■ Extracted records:
• • • • • • •

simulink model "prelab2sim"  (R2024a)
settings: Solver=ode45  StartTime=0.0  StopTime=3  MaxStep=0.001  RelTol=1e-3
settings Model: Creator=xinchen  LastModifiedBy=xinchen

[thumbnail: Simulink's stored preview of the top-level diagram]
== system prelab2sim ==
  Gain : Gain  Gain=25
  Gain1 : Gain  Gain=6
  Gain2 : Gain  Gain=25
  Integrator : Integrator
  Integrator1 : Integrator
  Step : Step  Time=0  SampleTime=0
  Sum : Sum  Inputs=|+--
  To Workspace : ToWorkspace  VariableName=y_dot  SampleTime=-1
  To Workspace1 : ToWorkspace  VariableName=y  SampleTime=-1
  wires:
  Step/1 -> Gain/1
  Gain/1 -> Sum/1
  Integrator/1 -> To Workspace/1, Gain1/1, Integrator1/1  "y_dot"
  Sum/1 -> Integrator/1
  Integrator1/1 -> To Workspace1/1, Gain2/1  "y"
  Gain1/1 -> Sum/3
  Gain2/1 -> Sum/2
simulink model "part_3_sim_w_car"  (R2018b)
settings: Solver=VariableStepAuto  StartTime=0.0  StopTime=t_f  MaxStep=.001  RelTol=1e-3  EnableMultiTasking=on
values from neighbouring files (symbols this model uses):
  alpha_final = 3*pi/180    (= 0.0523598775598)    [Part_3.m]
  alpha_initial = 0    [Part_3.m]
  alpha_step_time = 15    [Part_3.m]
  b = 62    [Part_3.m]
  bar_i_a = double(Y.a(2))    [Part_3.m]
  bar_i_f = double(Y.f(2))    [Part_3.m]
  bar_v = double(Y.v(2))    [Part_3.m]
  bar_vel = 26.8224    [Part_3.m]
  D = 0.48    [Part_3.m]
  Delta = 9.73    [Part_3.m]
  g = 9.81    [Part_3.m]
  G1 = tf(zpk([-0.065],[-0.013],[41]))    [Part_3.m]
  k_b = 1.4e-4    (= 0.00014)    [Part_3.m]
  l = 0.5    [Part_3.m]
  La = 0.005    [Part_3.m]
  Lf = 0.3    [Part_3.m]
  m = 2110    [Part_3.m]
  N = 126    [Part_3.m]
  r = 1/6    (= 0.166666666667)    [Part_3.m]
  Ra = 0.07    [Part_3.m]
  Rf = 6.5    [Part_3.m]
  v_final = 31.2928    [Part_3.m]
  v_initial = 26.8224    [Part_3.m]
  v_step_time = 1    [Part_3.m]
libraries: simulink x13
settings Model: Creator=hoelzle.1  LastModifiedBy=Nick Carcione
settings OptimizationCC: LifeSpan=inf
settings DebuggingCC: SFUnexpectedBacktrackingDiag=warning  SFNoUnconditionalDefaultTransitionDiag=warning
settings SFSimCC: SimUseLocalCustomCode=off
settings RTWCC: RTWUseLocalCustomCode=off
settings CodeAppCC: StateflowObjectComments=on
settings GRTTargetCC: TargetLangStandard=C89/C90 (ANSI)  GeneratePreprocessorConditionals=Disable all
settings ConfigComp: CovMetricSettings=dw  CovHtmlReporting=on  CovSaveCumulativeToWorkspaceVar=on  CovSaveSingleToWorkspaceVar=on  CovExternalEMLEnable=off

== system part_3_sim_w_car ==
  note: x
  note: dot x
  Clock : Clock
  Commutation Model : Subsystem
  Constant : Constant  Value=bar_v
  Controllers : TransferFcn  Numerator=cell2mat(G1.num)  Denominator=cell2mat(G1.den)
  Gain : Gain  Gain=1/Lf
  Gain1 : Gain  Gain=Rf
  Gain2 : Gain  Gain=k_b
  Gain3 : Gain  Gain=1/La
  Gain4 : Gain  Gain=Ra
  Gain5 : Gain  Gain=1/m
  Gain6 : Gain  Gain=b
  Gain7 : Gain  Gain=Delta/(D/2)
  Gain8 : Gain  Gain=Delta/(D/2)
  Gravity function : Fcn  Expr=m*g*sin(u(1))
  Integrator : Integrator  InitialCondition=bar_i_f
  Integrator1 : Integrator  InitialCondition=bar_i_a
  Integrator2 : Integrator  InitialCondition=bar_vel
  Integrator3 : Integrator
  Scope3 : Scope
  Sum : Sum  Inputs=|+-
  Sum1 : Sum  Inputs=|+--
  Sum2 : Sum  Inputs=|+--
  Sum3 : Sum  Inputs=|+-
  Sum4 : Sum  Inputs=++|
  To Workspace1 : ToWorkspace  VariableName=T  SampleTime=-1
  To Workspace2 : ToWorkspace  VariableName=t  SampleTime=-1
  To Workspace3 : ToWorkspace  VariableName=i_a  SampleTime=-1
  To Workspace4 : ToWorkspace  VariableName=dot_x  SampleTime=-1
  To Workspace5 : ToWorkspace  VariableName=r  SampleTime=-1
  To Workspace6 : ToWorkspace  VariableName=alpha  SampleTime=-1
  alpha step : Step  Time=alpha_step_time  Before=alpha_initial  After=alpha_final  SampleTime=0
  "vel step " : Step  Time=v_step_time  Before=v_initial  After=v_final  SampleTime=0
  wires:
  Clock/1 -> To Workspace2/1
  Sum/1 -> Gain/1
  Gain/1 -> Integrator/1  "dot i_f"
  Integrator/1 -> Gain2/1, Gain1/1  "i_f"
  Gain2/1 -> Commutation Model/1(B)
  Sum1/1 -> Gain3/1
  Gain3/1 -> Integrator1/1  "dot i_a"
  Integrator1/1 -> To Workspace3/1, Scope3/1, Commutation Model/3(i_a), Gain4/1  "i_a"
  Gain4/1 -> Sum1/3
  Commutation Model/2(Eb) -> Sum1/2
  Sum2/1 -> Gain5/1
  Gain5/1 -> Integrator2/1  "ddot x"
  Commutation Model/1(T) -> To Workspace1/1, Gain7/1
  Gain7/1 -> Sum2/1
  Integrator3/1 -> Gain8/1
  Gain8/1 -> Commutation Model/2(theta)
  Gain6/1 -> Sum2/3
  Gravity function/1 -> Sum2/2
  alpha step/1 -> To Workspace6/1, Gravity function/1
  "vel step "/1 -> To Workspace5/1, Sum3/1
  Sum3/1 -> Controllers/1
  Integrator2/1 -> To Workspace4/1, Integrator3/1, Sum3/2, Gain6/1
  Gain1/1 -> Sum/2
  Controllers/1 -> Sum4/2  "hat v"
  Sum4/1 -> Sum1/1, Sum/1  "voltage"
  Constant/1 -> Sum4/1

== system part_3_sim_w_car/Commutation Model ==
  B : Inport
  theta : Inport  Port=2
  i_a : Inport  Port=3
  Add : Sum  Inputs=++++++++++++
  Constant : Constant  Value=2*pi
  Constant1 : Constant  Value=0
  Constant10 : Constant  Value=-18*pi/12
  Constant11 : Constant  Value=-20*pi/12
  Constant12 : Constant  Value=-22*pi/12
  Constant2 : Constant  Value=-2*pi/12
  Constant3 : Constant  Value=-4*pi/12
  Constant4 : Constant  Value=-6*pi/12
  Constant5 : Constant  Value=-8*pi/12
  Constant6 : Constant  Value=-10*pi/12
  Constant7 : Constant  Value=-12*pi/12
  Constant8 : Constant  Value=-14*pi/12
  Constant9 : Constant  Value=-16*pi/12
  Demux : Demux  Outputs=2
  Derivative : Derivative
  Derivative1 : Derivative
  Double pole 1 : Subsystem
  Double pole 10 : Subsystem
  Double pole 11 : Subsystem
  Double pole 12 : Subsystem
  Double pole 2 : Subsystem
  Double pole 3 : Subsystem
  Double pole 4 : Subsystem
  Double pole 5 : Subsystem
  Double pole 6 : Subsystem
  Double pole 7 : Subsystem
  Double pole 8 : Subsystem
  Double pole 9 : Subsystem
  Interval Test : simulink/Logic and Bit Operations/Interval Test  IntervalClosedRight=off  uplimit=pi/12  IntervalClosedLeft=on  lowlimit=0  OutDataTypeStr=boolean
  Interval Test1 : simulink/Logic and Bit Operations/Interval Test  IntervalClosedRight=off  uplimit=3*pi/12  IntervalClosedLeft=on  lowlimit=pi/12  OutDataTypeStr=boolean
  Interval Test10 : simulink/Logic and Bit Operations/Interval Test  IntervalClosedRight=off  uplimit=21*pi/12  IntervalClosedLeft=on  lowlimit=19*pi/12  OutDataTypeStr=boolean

• • • • • • •

■ TO DO: Only the lines above that include the word "theta" belong in the answer; copy each one.

■ ANSWER SPACE:
  Gain8/1 -> Commutation Model/2(theta)
  theta : Inport  Port=2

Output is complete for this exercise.